New company called 3D MicroPrint will target applications in the automotive, medical and jewelry industries.

Additive manufacturing specialist EOS and laser micromachining systems provider 3D-Micromac have formed a new joint-venture company that will target emerging applications in micro laser sintering.

The venture, called 3D MicroPrint GmbH, follows seven years of collaborative technology development between the two companies that culminated in the installation of a first system at a German research institute earlier this year.

Hans Langer, the founder and CEO of EOS and an acknowledged pioneer in the brave new world of 3D printing, said of the new venture’s business opportunity: “Demand for very small parts which are difficult to manufacture using conventional processes is rising tremendously. Micro laser sintering provides solutions for three major trends: individualization, functional integration, and miniaturization.”

His counterpart at 3D-Micromac, Tino Petsch, added: “Our timing is virtually perfect. The current 3D printing hype shows that our investment in the development of micro laser sintering systems was exactly right. Together we now offer a trend-setting solution that opens up new approaches in product development and manufacturing for our customers.”

Saxony headquarters
Based in Chemnitz, near Leipzig in the German region of Saxony, 3D MicroPrint has already moved into its premises on the Chemnitz Smart Systems Campus, where it will be headed up by Petsch and Joachim Göbner, formerly in charge of micro laser sintering at EOS.
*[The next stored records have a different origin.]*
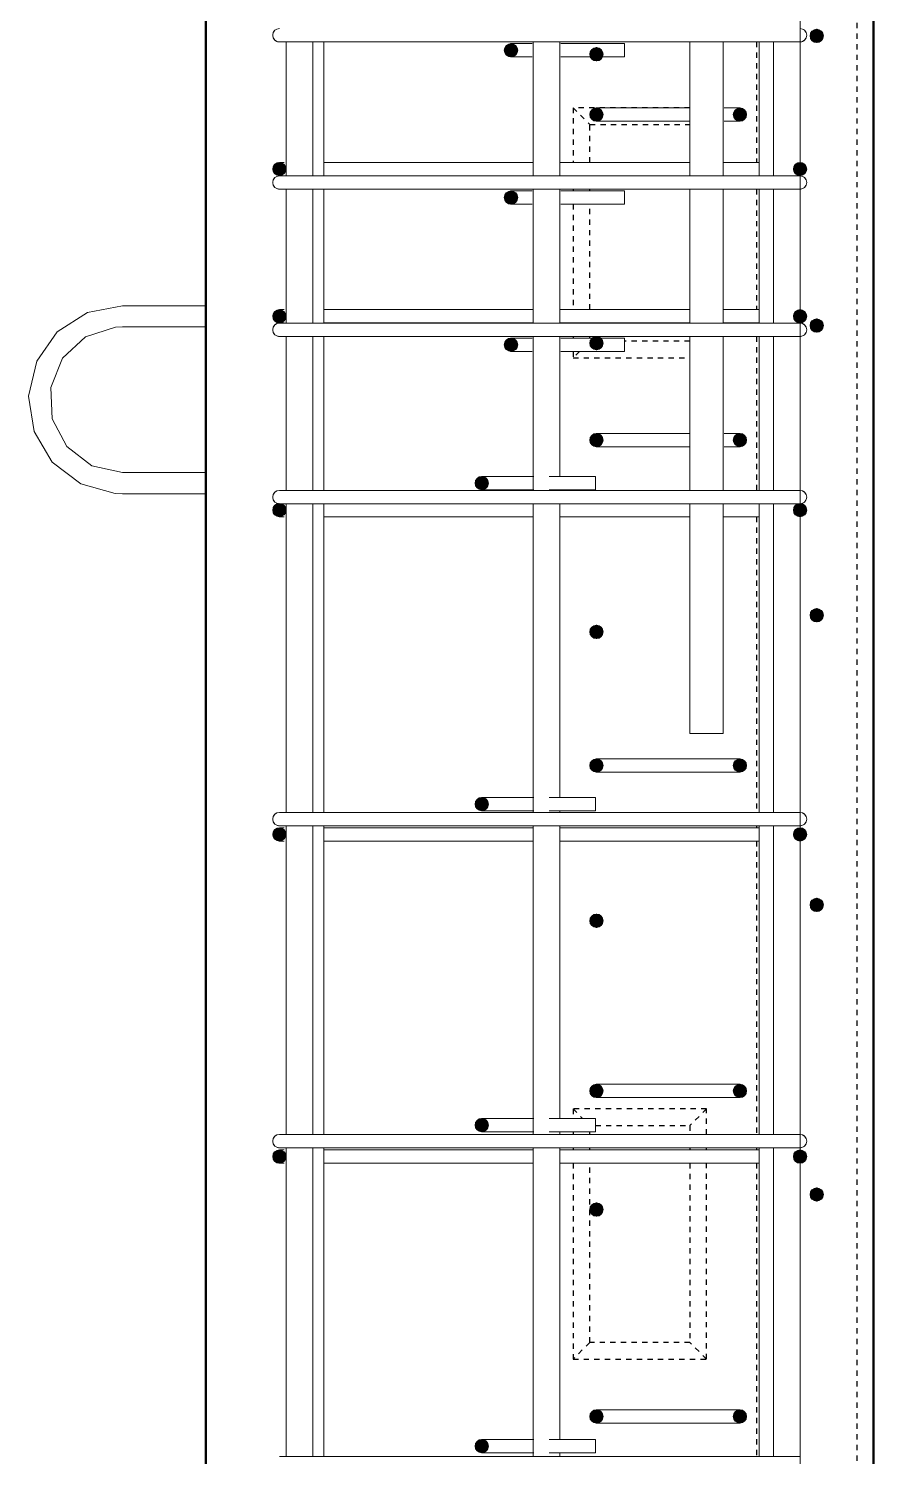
# Model space of a CAD drawing. Header units: millimetres. Extents: x 493 to 7173, y -1395 to 18363.
# Drawn here: x 4886 to 5393, y 1607 to 2462 of the extents above; entities that cross this region are included whole.
import ezdxf

# ---------------------------------------------------------------- set-up
doc = ezdxf.new("R2010")
doc.units = ezdxf.units.MM
doc.linetypes.add('Dash', pattern=[6.36, 3.18, -3.18])
for name, color, linetype, lineweight in [('A-GENM', 13, 'Continuous', 18), ('A-WALL', 113, 'Continuous', 25), ('A-WALL-HDLN', 110, 'Dash', 25), ('S-RBAR', 171, 'Continuous', 18)]:
    doc.layers.add(name, color=color, linetype=linetype, lineweight=lineweight)

# ---------------------------------------------------------------- blocks, each defined once
blk = doc.blocks.new('12_7Ø_ Lifting Insert_COLUMN - 12_9Ø Lifting insert-V3-Elevation Right Copy 1 Copy 1')
at = {"layer": 'A-GENM'}
for p, q in [((17735.43, 2296.35), (17685.43, 2296.35)), ((17685.43, 2283.65), (17735.43, 2283.65)), ((17735.43, 2196.35), (17685.43, 2196.35)), ((17685.43, 2183.65), (17735.43, 2183.65))]:
    blk.add_line(p, q, dxfattribs=at)
at = {"layer": 'A-GENM', "flags": 128}
for points in [[(17685.43, 2296.35), (17664.37, 2292.27), (17646.36, 2280.61), (17634.02, 2263.07), (17629.12, 2242.18), (17632.39, 2220.98), (17643.34, 2202.54), (17660.39, 2189.52), (17681.07, 2183.82), (17685.43, 2183.65)], [(17685.43, 2196.35), (17667.03, 2200.42), (17652.06, 2211.87), (17643.31, 2228.56), (17642.41, 2247.38), (17649.53, 2264.83), (17663.34, 2277.65), (17681.28, 2283.45), (17685.43, 2283.65)]]:
    blk.add_lwpolyline(points, dxfattribs=at)

msp = doc.modelspace()

# ---------------------------------------------------------------- hatches: boundary and pattern name
at = {"layer": 'S-RBAR'}
for points in [[(5358.72, 2454.04), (5362.72, 2458.04), (5358.72, 2462.04), (5354.72, 2458.04)], [(5175.52, 2445.4), (5179.52, 2449.4), (5175.52, 2453.4), (5171.52, 2449.4)], [(5226.72, 2443.01), (5230.72, 2447.01), (5226.72, 2451.01), (5222.72, 2447.01)], [(5226.72, 2406.86), (5230.72, 2410.86), (5226.72, 2414.86), (5222.72, 2410.86)], [(5312.72, 2406.86), (5316.72, 2410.86), (5312.72, 2414.86), (5308.72, 2410.86)], [(5036.72, 2374.25), (5040.72, 2378.25), (5036.6, 2382.13), (5032.72, 2378.25), (5036.6, 2374.37)], [(5348.72, 2374.25), (5352.72, 2378.25), (5348.72, 2382.25), (5344.72, 2378.25)], [(5175.52, 2357.17), (5179.52, 2361.17), (5175.52, 2365.17), (5171.52, 2361.17)], [(5036.72, 2286), (5040.72, 2290), (5036.6, 2293.88), (5032.72, 2290), (5036.6, 2286.12)], [(5348.72, 2286), (5352.72, 2290), (5348.72, 2294), (5344.72, 2290)], [(5358.72, 2280.45), (5362.72, 2284.45), (5358.72, 2288.45), (5354.72, 2284.45)], [(5175.52, 2268.93), (5179.52, 2272.93), (5175.52, 2276.93), (5171.52, 2272.93)], [(5226.72, 2269.92), (5230.72, 2273.92), (5226.72, 2277.92), (5222.72, 2273.92)], [(5226.72, 2211.82), (5230.72, 2215.82), (5226.72, 2219.82), (5222.72, 2215.82)], [(5312.72, 2211.82), (5316.72, 2215.82), (5312.72, 2219.82), (5308.72, 2215.82), (5311.3, 2213.24)], [(5158.02, 2186), (5162.02, 2190), (5158.02, 2194), (5154.02, 2190)], [(5036.72, 2169.82), (5040.72, 2173.82), (5036.6, 2177.7), (5032.72, 2173.82), (5036.6, 2169.94)], [(5348.72, 2169.82), (5352.72, 2173.82), (5348.72, 2177.82), (5344.72, 2173.82)], [(5358.72, 2106.86), (5362.72, 2110.86), (5358.72, 2114.86), (5354.72, 2110.86)], [(5226.72, 2096.83), (5230.72, 2100.83), (5226.72, 2104.83), (5222.72, 2100.83)], [(5226.72, 2016.77), (5230.72, 2020.77), (5226.72, 2024.77), (5222.72, 2020.77)], [(5312.72, 2016.77), (5316.72, 2020.77), (5312.72, 2024.77), (5308.72, 2020.77)], [(5158.02, 1993.63), (5162.02, 1997.63), (5158.02, 2001.63), (5154.02, 1997.63)], [(5036.72, 1975.5), (5040.72, 1979.5), (5036.42, 1983.2), (5032.72, 1979.5)], [(5348.72, 1975.5), (5352.72, 1979.5), (5348.42, 1983.2), (5344.72, 1979.5)], [(5358.72, 1933.26), (5362.72, 1937.26), (5358.72, 1941.26), (5354.72, 1937.26)], [(5226.72, 1923.74), (5230.72, 1927.74), (5226.72, 1931.74), (5222.72, 1927.74)], [(5226.72, 1821.73), (5230.72, 1825.73), (5226.72, 1829.73), (5222.72, 1825.73)], [(5312.72, 1821.73), (5316.72, 1825.73), (5312.72, 1829.73), (5308.72, 1825.73)], [(5158.02, 1801.25), (5162.02, 1805.25), (5158.02, 1809.25), (5154.02, 1805.25)], [(5036.72, 1782.42), (5040.72, 1786.42), (5036.6, 1790.3), (5032.72, 1786.42), (5036.6, 1782.54)], [(5348.72, 1782.42), (5352.72, 1786.42), (5348.72, 1790.42), (5344.72, 1786.42)], [(5358.72, 1759.67), (5362.72, 1763.67), (5358.72, 1767.67), (5354.72, 1763.67)], [(5226.72, 1750.65), (5230.72, 1754.65), (5226.72, 1758.65), (5222.72, 1754.65)], [(5226.72, 1626.68), (5230.72, 1630.68), (5226.72, 1634.68), (5222.72, 1630.68)], [(5312.72, 1626.68), (5316.72, 1630.68), (5312.72, 1634.68), (5308.72, 1630.68)], [(5158.02, 1608.88), (5162.02, 1612.88), (5158.02, 1616.88), (5154.02, 1612.88)]]:
    msp.add_hatch(color=256, dxfattribs=at).paths.add_polyline_path(points)
h = msp.add_hatch(color=256, dxfattribs=at)
edge = h.paths.add_edge_path()
edge.add_arc((5358.72, 2458.04), 4, 0, 360)
h = msp.add_hatch(color=256, dxfattribs=at)
edge = h.paths.add_edge_path()
edge.add_arc((5175.52, 2449.4), 4, 0, 360)
h = msp.add_hatch(color=256, dxfattribs=at)
edge = h.paths.add_edge_path()
edge.add_arc((5226.72, 2447.01), 4, 0, 360)
h = msp.add_hatch(color=256, dxfattribs=at)
edge = h.paths.add_edge_path()
edge.add_arc((5226.72, 2410.86), 4, 0, 360)
h = msp.add_hatch(color=256, dxfattribs=at)
edge = h.paths.add_edge_path()
edge.add_arc((5312.72, 2410.86), 4, 0, 360)
h = msp.add_hatch(color=256, dxfattribs=at)
edge = h.paths.add_edge_path()
edge.add_arc((5036.72, 2378.25), 4, 0, 360)
h = msp.add_hatch(color=256, dxfattribs=at)
edge = h.paths.add_edge_path()
edge.add_arc((5348.72, 2378.25), 4, 0, 360)
h = msp.add_hatch(color=256, dxfattribs=at)
edge = h.paths.add_edge_path()
edge.add_arc((5175.52, 2361.17), 4, 0, 360)
h = msp.add_hatch(color=256, dxfattribs=at)
edge = h.paths.add_edge_path()
edge.add_arc((5036.72, 2290), 4, 0, 360)
h = msp.add_hatch(color=256, dxfattribs=at)
edge = h.paths.add_edge_path()
edge.add_arc((5348.72, 2290), 4, 0, 360)
h = msp.add_hatch(color=256, dxfattribs=at)
edge = h.paths.add_edge_path()
edge.add_arc((5358.72, 2284.45), 4, 0, 360)
h = msp.add_hatch(color=256, dxfattribs=at)
edge = h.paths.add_edge_path()
edge.add_arc((5175.52, 2272.93), 4, 0, 360)
h = msp.add_hatch(color=256, dxfattribs=at)
edge = h.paths.add_edge_path()
edge.add_arc((5226.72, 2273.92), 4, 0, 360)
h = msp.add_hatch(color=256, dxfattribs=at)
edge = h.paths.add_edge_path()
edge.add_arc((5226.72, 2215.82), 4, 0, 360)
h = msp.add_hatch(color=256, dxfattribs=at)
edge = h.paths.add_edge_path()
edge.add_arc((5312.72, 2215.82), 4, 0, 360)
h = msp.add_hatch(color=256, dxfattribs=at)
edge = h.paths.add_edge_path()
edge.add_arc((5158.02, 2190), 4, 0, 360)
h = msp.add_hatch(color=256, dxfattribs=at)
edge = h.paths.add_edge_path()
edge.add_arc((5036.72, 2173.82), 4, 0, 360)
h = msp.add_hatch(color=256, dxfattribs=at)
edge = h.paths.add_edge_path()
edge.add_arc((5348.72, 2173.82), 4, 0, 360)
h = msp.add_hatch(color=256, dxfattribs=at)
edge = h.paths.add_edge_path()
edge.add_arc((5358.72, 2110.86), 4, 0, 360)
h = msp.add_hatch(color=256, dxfattribs=at)
edge = h.paths.add_edge_path()
edge.add_arc((5226.72, 2100.83), 4, 0, 360)
h = msp.add_hatch(color=256, dxfattribs=at)
edge = h.paths.add_edge_path()
edge.add_arc((5226.72, 2020.77), 4, 0, 360)
h = msp.add_hatch(color=256, dxfattribs=at)
edge = h.paths.add_edge_path()
edge.add_arc((5312.72, 2020.77), 4, 0, 360)
h = msp.add_hatch(color=256, dxfattribs=at)
edge = h.paths.add_edge_path()
edge.add_arc((5158.02, 1997.63), 4, 0, 360)
h = msp.add_hatch(color=256, dxfattribs=at)
edge = h.paths.add_edge_path()
edge.add_arc((5036.72, 1979.5), 4, 0, 360)
h = msp.add_hatch(color=256, dxfattribs=at)
edge = h.paths.add_edge_path()
edge.add_arc((5348.72, 1979.5), 4, 0, 360)
h = msp.add_hatch(color=256, dxfattribs=at)
edge = h.paths.add_edge_path()
edge.add_arc((5358.72, 1937.26), 4, 0, 360)
h = msp.add_hatch(color=256, dxfattribs=at)
edge = h.paths.add_edge_path()
edge.add_arc((5226.72, 1927.74), 4, 0, 360)
h = msp.add_hatch(color=256, dxfattribs=at)
edge = h.paths.add_edge_path()
edge.add_arc((5226.72, 1825.73), 4, 0, 360)
h = msp.add_hatch(color=256, dxfattribs=at)
edge = h.paths.add_edge_path()
edge.add_arc((5312.72, 1825.73), 4, 0, 360)
h = msp.add_hatch(color=256, dxfattribs=at)
edge = h.paths.add_edge_path()
edge.add_arc((5158.02, 1805.25), 4, 0, 360)
h = msp.add_hatch(color=256, dxfattribs=at)
edge = h.paths.add_edge_path()
edge.add_arc((5036.72, 1786.42), 4, 0, 360)
h = msp.add_hatch(color=256, dxfattribs=at)
edge = h.paths.add_edge_path()
edge.add_arc((5348.72, 1786.42), 4, 0, 360)
h = msp.add_hatch(color=256, dxfattribs=at)
edge = h.paths.add_edge_path()
edge.add_arc((5358.72, 1763.67), 4, 0, 360)
h = msp.add_hatch(color=256, dxfattribs=at)
edge = h.paths.add_edge_path()
edge.add_arc((5226.72, 1754.65), 4, 0, 360)
h = msp.add_hatch(color=256, dxfattribs=at)
edge = h.paths.add_edge_path()
edge.add_arc((5226.72, 1630.68), 4, 0, 360)
h = msp.add_hatch(color=256, dxfattribs=at)
edge = h.paths.add_edge_path()
edge.add_arc((5312.72, 1630.68), 4, 0, 360)
h = msp.add_hatch(color=256, dxfattribs=at)
edge = h.paths.add_edge_path()
edge.add_arc((5158.02, 1612.88), 4, 0, 360)

# ---------------------------------------------------------------- linework, layer by layer
at = {"layer": 'A-WALL', "lineweight": 50}
for p, q in [((4992.72, 3040), (4992.72, -378)), ((5392.72, -1395), (5392.72, 2541.69))]:
    msp.add_line(p, q, dxfattribs=at)
at = {"layer": 'A-WALL-HDLN'}
for p, q in [((5382.72, 2535.82), (5382.72, -414.95)), ((5322.72, 2454.43), (5322.72, 2382.25)), ((5212.72, 2415), (5212.72, 2382.25)), ((5282.72, 2415), (5212.72, 2415)), ((5212.72, 2415), (5222.72, 2405)), ((5222.72, 2382.25), (5222.72, 2405)), ((5222.72, 2405), (5282.72, 2405)), ((5212.72, 2366.18), (5212.72, 2365.17)), ((5222.72, 2365.17), (5222.72, 2366.18)), ((5322.72, 2366.18), (5322.72, 2294)), ((5212.72, 2357.17), (5212.72, 2294)), ((5222.72, 2294), (5222.72, 2357.17)), ((5212.72, 2277.93), (5212.72, 2276.93)), ((5222.72, 2276.93), (5222.72, 2277.93)), ((5322.72, 2277.93), (5322.72, 2185.65)), ((5212.72, 2268.93), (5212.72, 2265)), ((5216.65, 2268.93), (5212.72, 2265)), ((5282.72, 2275), (5243.6, 2275)), ((5212.72, 2265), (5282.72, 2265)), ((5322.72, 2169.82), (5322.72, 1992.66)), ((5322.72, 1984.66), (5322.72, 1983.5)), ((5322.72, 1975.5), (5322.72, 1799.68)), ((5212.72, 1815), (5212.72, 1809.25)), ((5292.72, 1815), (5212.72, 1815)), ((5212.72, 1815), (5218.47, 1809.25)), ((5292.72, 1815), (5282.72, 1805)), ((5292.72, 1799.68), (5292.72, 1815)), ((5212.72, 1801.25), (5212.72, 1799.68)), ((5222.72, 1799.68), (5222.72, 1801.25)), ((5226.1, 1805), (5282.72, 1805)), ((5282.72, 1805), (5282.72, 1799.68)), ((5212.72, 1791.68), (5212.72, 1790.42)), ((5222.72, 1790.42), (5222.72, 1791.68)), ((5282.72, 1791.68), (5282.72, 1790.42)), ((5292.72, 1790.42), (5292.72, 1791.68)), ((5322.72, 1791.68), (5322.72, 1790.42)), ((5212.72, 1782.42), (5212.72, 1665)), ((5222.72, 1675), (5222.72, 1782.42)), ((5282.72, 1782.42), (5282.72, 1675)), ((5292.72, 1665), (5292.72, 1782.42)), ((5322.72, 1782.42), (5322.72, 1606.69)), ((5222.72, 1675), (5212.72, 1665)), ((5282.72, 1675), (5222.72, 1675)), ((5292.72, 1665), (5282.72, 1675)), ((5212.72, 1665), (5292.72, 1665))]:
    msp.add_line(p, q, dxfattribs=at)
at = {"layer": 'S-RBAR'}
for p, q in [((5348.74, 70.14), (5348.74, 3000)), ((5358.72, 2462.04), (5354.72, 2458.04)), ((5354.72, 2458.04), (5358.72, 2454.04)), ((5362.72, 2458.04), (5358.72, 2462.04)), ((5358.72, 2454.04), (5362.72, 2458.04)), ((5056.72, 2454.43), (5036.72, 2454.43)), ((5040.72, 2374.18), (5040.72, 2454.43)), ((5056.72, 2454.43), (5328.72, 2454.43)), ((5056.72, 2374.18), (5056.72, 2454.43)), ((5063.34, 2374.18), (5063.34, 2454.43)), ((5175.52, 2453.4), (5171.52, 2449.4)), ((5171.52, 2449.4), (5175.52, 2445.4)), ((5175.52, 2453.4), (5188.16, 2453.4)), ((5179.52, 2449.4), (5175.52, 2453.4)), ((5175.52, 2445.4), (5179.52, 2449.4)), ((5188.74, 2374.18), (5188.74, 2454.43)), ((5204.74, 2374.18), (5204.74, 2454.43)), ((5205.32, 2453.4), (5209.66, 2453.4)), ((5209.66, 2453.4), (5243.6, 2453.4)), ((5226.72, 2451.01), (5222.72, 2447.01)), ((5230.72, 2447.01), (5226.72, 2451.01)), ((5243.6, 2445.4), (5243.6, 2453.4)), ((5282.72, 2374.18), (5282.72, 2454.43)), ((5302.72, 2374.18), (5302.72, 2454.43)), ((5324.27, 2374.18), (5324.27, 2454.43)), ((5348.49, 2454.43), (5328.72, 2454.43)), ((5332.74, 2374.18), (5332.74, 2454.43)), ((5175.52, 2445.4), (5188.16, 2445.4)), ((5205.32, 2445.4), (5209.66, 2445.4)), ((5209.66, 2445.4), (5243.6, 2445.4)), ((5222.72, 2447.01), (5226.72, 2443.01)), ((5226.72, 2443.01), (5230.72, 2447.01)), ((5226.72, 2414.86), (5222.72, 2410.86)), ((5246.72, 2414.86), (5226.72, 2414.86)), ((5230.72, 2410.86), (5226.72, 2414.86)), ((5282.72, 2414.86), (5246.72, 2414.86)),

Göbner said: “Working with layer thicknesses of less than five microns, focus diameters of less than thirty microns and a powder particle size of less than five microns, the micro laser sintering technology opens up new dimensions. It is even possible to produce moveable component assemblies.”

The micro laser sintering technique is a form of additive manufacturing technology, and uses a laser to build up small parts from metal powders, layer by layer, from 3D design data.

As with other additive manufacturing, or 3D printing, technologies, using it means that even a production run comprising a single part can be manufactured at a reasonable cost, enabling mass customization of similar products.

Target applications for the new venture include nozzles for the automotive industry, components for medical devices, personalized jewelry, mold-making and aerospace technology.

Founded back in 1989, EOS (the company’s name is short for “electro-optical systems”) has emerged as one of the key providers of the equipment behind what many expect to deliver a revolution in manufacturing. Last week, the Frankfurt-based firm said that it was in the process of transforming itself from a provider of systems for prototyping to one supplying them for industrial series production.

For the financial year that ended in September 2013, EOS increased turnover to €130 million. It has also taken on 70 new employees in that time, and is building a new 17,000 square meter customer and technology center that should open for operations in May next year.